● **Work instructions**
Given the records below, would you repeat exactly the lines that begin at the one containing "#567 = VECTOR ( 'NONE', #7456, 39.37008 ) ;" and end at the one containing "#1596 = EDGE_CURVE", inclusive?

● **Material for the task**
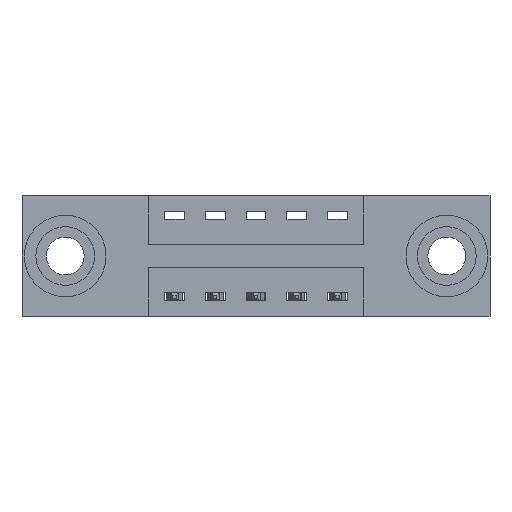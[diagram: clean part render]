
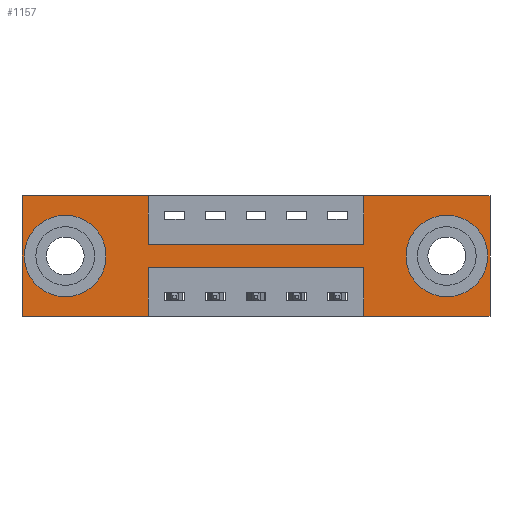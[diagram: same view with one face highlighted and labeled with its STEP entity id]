
A CAD part, front view. The second image highlights one B-rep face of the part: STEP entity #1157.
In plain terms, the highlighted planar face has unit normal (0, -1, 0).
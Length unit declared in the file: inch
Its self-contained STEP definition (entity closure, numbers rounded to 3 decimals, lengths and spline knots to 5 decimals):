
#103 = LINE ( 'NONE', #3554, #6271 ) ;
#162 = CIRCLE ( 'NONE', #2984, 0.078 ) ;
#208 = VERTEX_POINT ( 'NONE', #248 ) ;
#248 = CARTESIAN_POINT ( 'NONE',  ( 0.1325, 0., -0.107 ) ) ;
#315 = VERTEX_POINT ( 'NONE', #5360 ) ;
#372 = DIRECTION ( 'NONE',  ( 0., 0., -1. ) ) ;
#374 = CARTESIAN_POINT ( 'NONE',  ( 0., 0., -0.37 ) ) ;
#388 = VECTOR ( 'NONE', #2655, 39.37008 ) ;
#418 = FACE_BOUND ( 'NONE', #7819, .T. ) ;
#432 = CARTESIAN_POINT ( 'NONE',  ( 1.3025, 0., -0.185 ) ) ;
#462 = CIRCLE ( 'NONE', #8924, 0.078 ) ;
#463 = LINE ( 'NONE', #6097, #388 ) ;
#482 = DIRECTION ( 'NONE',  ( 0., 1., 0. ) ) ;
#567 = VECTOR ( 'NONE', #7456, 39.37008 ) ;
#683 = EDGE_CURVE ( 'NONE', #208, #315, #7086, .T. ) ;
#745 = CARTESIAN_POINT ( 'NONE',  ( 1.3025, 0., -0.107 ) ) ;
#951 = EDGE_CURVE ( 'NONE', #4273, #7753, #8706, .T. ) ;
#1157 = ADVANCED_FACE ( 'NONE', ( #8234, #418, #2508 ), #1908, .T. ) ;
#1176 = CARTESIAN_POINT ( 'NONE',  ( 1.0475, 0., -0.22 ) ) ;
#1255 = CARTESIAN_POINT ( 'NONE',  ( 0.3875, 0., -0.22 ) ) ;
#1304 = EDGE_CURVE ( 'NONE', #4823, #3530, #4171, .T. ) ;
#1408 = CARTESIAN_POINT ( 'NONE',  ( 0.3875, 0., -0.15 ) ) ;
#1495 = VECTOR ( 'NONE', #7578, 39.37008 ) ;
#1523 = EDGE_CURVE ( 'NONE', #4258, #7864, #8834, .T. ) ;
#1596 = EDGE_CURVE ( 'NONE', #3530, #4785, #7777, .T. ) ;
#1663 = ORIENTED_EDGE ( 'NONE', *, *, #7874, .F. ) ;
#1779 = EDGE_CURVE ( 'NONE', #7864, #4823, #2114, .T. ) ;
#1860 = LINE ( 'NONE', #7484, #2245 ) ;
#1863 = DIRECTION ( 'NONE',  ( 0., 0., -1. ) ) ;
#1865 = ORIENTED_EDGE ( 'NONE', *, *, #683, .T. ) ;
#1887 = ORIENTED_EDGE ( 'NONE', *, *, #2027, .F. ) ;
#1908 = PLANE ( 'NONE',  #7094 ) ;
#1998 = DIRECTION ( 'NONE',  ( 0., 0., -1. ) ) ;
#2027 = EDGE_CURVE ( 'NONE', #3049, #6136, #2219, .T. ) ;
#2052 = DIRECTION ( 'NONE',  ( -1., 0., 0. ) ) ;
#2114 = LINE ( 'NONE', #5419, #1495 ) ;
#2145 = EDGE_CURVE ( 'NONE', #4212, #3049, #1860, .T. ) ;
#2149 = ORIENTED_EDGE ( 'NONE', *, *, #1523, .F. ) ;
#2175 = DIRECTION ( 'NONE',  ( 1., 0., 0. ) ) ;
#2219 = LINE ( 'NONE', #2872, #6200 ) ;
#2245 = VECTOR ( 'NONE', #372, 39.37008 ) ;
#2275 = EDGE_CURVE ( 'NONE', #4785, #4273, #6511, .T. ) ;
#2340 = CARTESIAN_POINT ( 'NONE',  ( 0., 0., 0. ) ) ;
#2351 = EDGE_LOOP ( 'NONE', ( #6042, #3294, #7241, #2149, #8736, #4718, #1663, #1887, #6882, #6704, #7940, #5301 ) ) ;
#2368 = CARTESIAN_POINT ( 'NONE',  ( 0., 0., 0. ) ) ;
#2424 = EDGE_CURVE ( 'NONE', #4762, #4249, #6903, .T. ) ;
#2508 = FACE_OUTER_BOUND ( 'NONE', #2351, .T. ) ;
#2553 = VECTOR ( 'NONE', #3013, 39.37008 ) ;
#2655 = DIRECTION ( 'NONE',  ( 0., 0., 1. ) ) ;
#2677 = EDGE_LOOP ( 'NONE', ( #8053, #3616 ) ) ;
#2844 = DIRECTION ( 'NONE',  ( 1., 0., 0. ) ) ;
#2872 = CARTESIAN_POINT ( 'NONE',  ( 0.3875, 0., -0.15 ) ) ;
#2963 = AXIS2_PLACEMENT_3D ( 'NONE', #432, #6166, #1998 ) ;
#2984 = AXIS2_PLACEMENT_3D ( 'NONE', #5486, #482, #6873 ) ;
#3013 = DIRECTION ( 'NONE',  ( -1., 0., 0. ) ) ;
#3049 = VERTEX_POINT ( 'NONE', #1408 ) ;
#3218 = CARTESIAN_POINT ( 'NONE',  ( 0.3875, 0., 0. ) ) ;
#3294 = ORIENTED_EDGE ( 'NONE', *, *, #1304, .F. ) ;
#3508 = CARTESIAN_POINT ( 'NONE',  ( 0., 0., 0. ) ) ;
#3530 = VERTEX_POINT ( 'NONE', #4322 ) ;
#3554 = CARTESIAN_POINT ( 'NONE',  ( 0., 0., 0. ) ) ;
#3616 = ORIENTED_EDGE ( 'NONE', *, *, #5194, .T. ) ;
#3810 = CARTESIAN_POINT ( 'NONE',  ( 0., 0., -0.37 ) ) ;
#3852 = CIRCLE ( 'NONE', #2963, 0.078 ) ;
#3953 = CARTESIAN_POINT ( 'NONE',  ( 1.435, 0., 0. ) ) ;
#4085 = EDGE_CURVE ( 'NONE', #4862, #9043, #3852, .T. ) ;
#4171 = LINE ( 'NONE', #1255, #6636 ) ;
#4212 = VERTEX_POINT ( 'NONE', #3218 ) ;
#4249 = VERTEX_POINT ( 'NONE', #3953 ) ;
#4258 = VERTEX_POINT ( 'NONE', #6104 ) ;
#4273 = VERTEX_POINT ( 'NONE', #5471 ) ;
#4322 = CARTESIAN_POINT ( 'NONE',  ( 0.3875, 0., -0.22 ) ) ;
#4387 = DIRECTION ( 'NONE',  ( 1., 0., 0. ) ) ;
#4610 = VECTOR ( 'NONE', #2844, 39.37008 ) ;
#4674 = CARTESIAN_POINT ( 'NONE',  ( 1.0475, 0., -0.37 ) ) ;
#4718 = ORIENTED_EDGE ( 'NONE', *, *, #2424, .F. ) ;
#4739 = CARTESIAN_POINT ( 'NONE',  ( 0.3875, 0., -0.37 ) ) ;
#4762 = VERTEX_POINT ( 'NONE', #5833 ) ;
#4785 = VERTEX_POINT ( 'NONE', #8233 ) ;
#4823 = VERTEX_POINT ( 'NONE', #1176 ) ;
#4862 = VERTEX_POINT ( 'NONE', #745 ) ;
#5194 = EDGE_CURVE ( 'NONE', #9043, #4862, #162, .T. ) ;
#5209 = EDGE_CURVE ( 'NONE', #315, #208, #462, .T. ) ;
#5245 = DIRECTION ( 'NONE',  ( -1., 0., 0. ) ) ;
#5301 = ORIENTED_EDGE ( 'NONE', *, *, #2275, .F. ) ;
#5360 = CARTESIAN_POINT ( 'NONE',  ( 0.1325, 0., -0.263 ) ) ;
#5419 = CARTESIAN_POINT ( 'NONE',  ( 1.0475, 0., -0.37 ) ) ;
#5471 = CARTESIAN_POINT ( 'NONE',  ( 0., 0., -0.37 ) ) ;
#5486 = CARTESIAN_POINT ( 'NONE',  ( 1.3025, 0., -0.185 ) ) ;
#5608 = DIRECTION ( 'NONE',  ( 0., 0., -1. ) ) ;
#5678 = DIRECTION ( 'NONE',  ( 0., 1., 0. ) ) ;
#5833 = CARTESIAN_POINT ( 'NONE',  ( 1.0475, 0., 0. ) ) ;
#5974 = DIRECTION ( 'NONE',  ( 0., -1., 0. ) ) ;
#6042 = ORIENTED_EDGE ( 'NONE', *, *, #1596, .F. ) ;
#6097 = CARTESIAN_POINT ( 'NONE',  ( 1.0475, 0., 0. ) ) ;
#6104 = CARTESIAN_POINT ( 'NONE',  ( 1.435, 0., -0.37 ) ) ;
#6136 = VERTEX_POINT ( 'NONE', #6155 ) ;
#6155 = CARTESIAN_POINT ( 'NONE',  ( 1.0475, 0., -0.15 ) ) ;
#6158 = DIRECTION ( 'NONE',  ( 0., 0., -1. ) ) ;
#6164 = DIRECTION ( 'NONE',  ( 0., 1., 0. ) ) ;
#6166 = DIRECTION ( 'NONE',  ( 0., 1., 0. ) ) ;
#6200 = VECTOR ( 'NONE', #2175, 39.37008 ) ;
#6271 = VECTOR ( 'NONE', #4387, 39.37008 ) ;
#6434 = DIRECTION ( 'NONE',  ( 0., 0., 1. ) ) ;
#6511 = LINE ( 'NONE', #8719, #2553 ) ;
#6587 = EDGE_CURVE ( 'NONE', #4249, #4258, #7972, .T. ) ;
#6636 = VECTOR ( 'NONE', #2052, 39.37008 ) ;
#6664 = ORIENTED_EDGE ( 'NONE', *, *, #5209, .T. ) ;
#6704 = ORIENTED_EDGE ( 'NONE', *, *, #7335, .F. ) ;
#6873 = DIRECTION ( 'NONE',  ( 0., 0., -1. ) ) ;
#6882 = ORIENTED_EDGE ( 'NONE', *, *, #2145, .F. ) ;
#6903 = LINE ( 'NONE', #3508, #4610 ) ;
#6945 = VECTOR ( 'NONE', #6158, 39.37008 ) ;
#7086 = CIRCLE ( 'NONE', #9175, 0.078 ) ;
#7094 = AXIS2_PLACEMENT_3D ( 'NONE', #374, #5974, #1863 ) ;
#7096 = VECTOR ( 'NONE', #5245, 39.37008 ) ;
#7154 = CARTESIAN_POINT ( 'NONE',  ( 0.1325, 0., -0.185 ) ) ;
#7241 = ORIENTED_EDGE ( 'NONE', *, *, #1779, .F. ) ;
#7335 = EDGE_CURVE ( 'NONE', #7753, #4212, #103, .T. ) ;
#7455 = CARTESIAN_POINT ( 'NONE',  ( 1.3025, 0., -0.263 ) ) ;
#7456 = DIRECTION ( 'NONE',  ( 0., 0., 1. ) ) ;
#7484 = CARTESIAN_POINT ( 'NONE',  ( 0.3875, 0., 0. ) ) ;
#7578 = DIRECTION ( 'NONE',  ( 0., 0., 1. ) ) ;
#7753 = VERTEX_POINT ( 'NONE', #2340 ) ;
#7777 = LINE ( 'NONE', #4739, #6945 ) ;
#7819 = EDGE_LOOP ( 'NONE', ( #1865, #6664 ) ) ;
#7864 = VERTEX_POINT ( 'NONE', #4674 ) ;
#7874 = EDGE_CURVE ( 'NONE', #6136, #4762, #463, .T. ) ;
#7885 = CARTESIAN_POINT ( 'NONE',  ( 1.435, 0., 0. ) ) ;
#7940 = ORIENTED_EDGE ( 'NONE', *, *, #951, .F. ) ;
#7972 = LINE ( 'NONE', #7885, #8550 ) ;
#8053 = ORIENTED_EDGE ( 'NONE', *, *, #4085, .T. ) ;
#8233 = CARTESIAN_POINT ( 'NONE',  ( 0.3875, 0., -0.37 ) ) ;
#8234 = FACE_BOUND ( 'NONE', #2677, .T. ) ;
#8241 = CARTESIAN_POINT ( 'NONE',  ( 0.1325, 0., -0.185 ) ) ;
#8550 = VECTOR ( 'NONE', #5608, 39.37008 ) ;
#8706 = LINE ( 'NONE', #2368, #567 ) ;
#8719 = CARTESIAN_POINT ( 'NONE',  ( 0., 0., -0.37 ) ) ;
#8736 = ORIENTED_EDGE ( 'NONE', *, *, #6587, .F. ) ;
#8834 = LINE ( 'NONE', #3810, #7096 ) ;
#8924 = AXIS2_PLACEMENT_3D ( 'NONE', #8241, #6164, #9029 ) ;
#9029 = DIRECTION ( 'NONE',  ( 0., 0., 1. ) ) ;
#9043 = VERTEX_POINT ( 'NONE', #7455 ) ;
#9175 = AXIS2_PLACEMENT_3D ( 'NONE', #7154, #5678, #6434 ) ;

● **Answer for the task**
#567 = VECTOR ( 'NONE', #7456, 39.37008 ) ;
#683 = EDGE_CURVE ( 'NONE', #208, #315, #7086, .T. ) ;
#745 = CARTESIAN_POINT ( 'NONE',  ( 1.3025, 0., -0.107 ) ) ;
#951 = EDGE_CURVE ( 'NONE', #4273, #7753, #8706, .T. ) ;
#1157 = ADVANCED_FACE ( 'NONE', ( #8234, #418, #2508 ), #1908, .T. ) ;
#1176 = CARTESIAN_POINT ( 'NONE',  ( 1.0475, 0., -0.22 ) ) ;
#1255 = CARTESIAN_POINT ( 'NONE',  ( 0.3875, 0., -0.22 ) ) ;
#1304 = EDGE_CURVE ( 'NONE', #4823, #3530, #4171, .T. ) ;
#1408 = CARTESIAN_POINT ( 'NONE',  ( 0.3875, 0., -0.15 ) ) ;
#1495 = VECTOR ( 'NONE', #7578, 39.37008 ) ;
#1523 = EDGE_CURVE ( 'NONE', #4258, #7864, #8834, .T. ) ;
#1596 = EDGE_CURVE ( 'NONE', #3530, #4785, #7777, .T. ) ;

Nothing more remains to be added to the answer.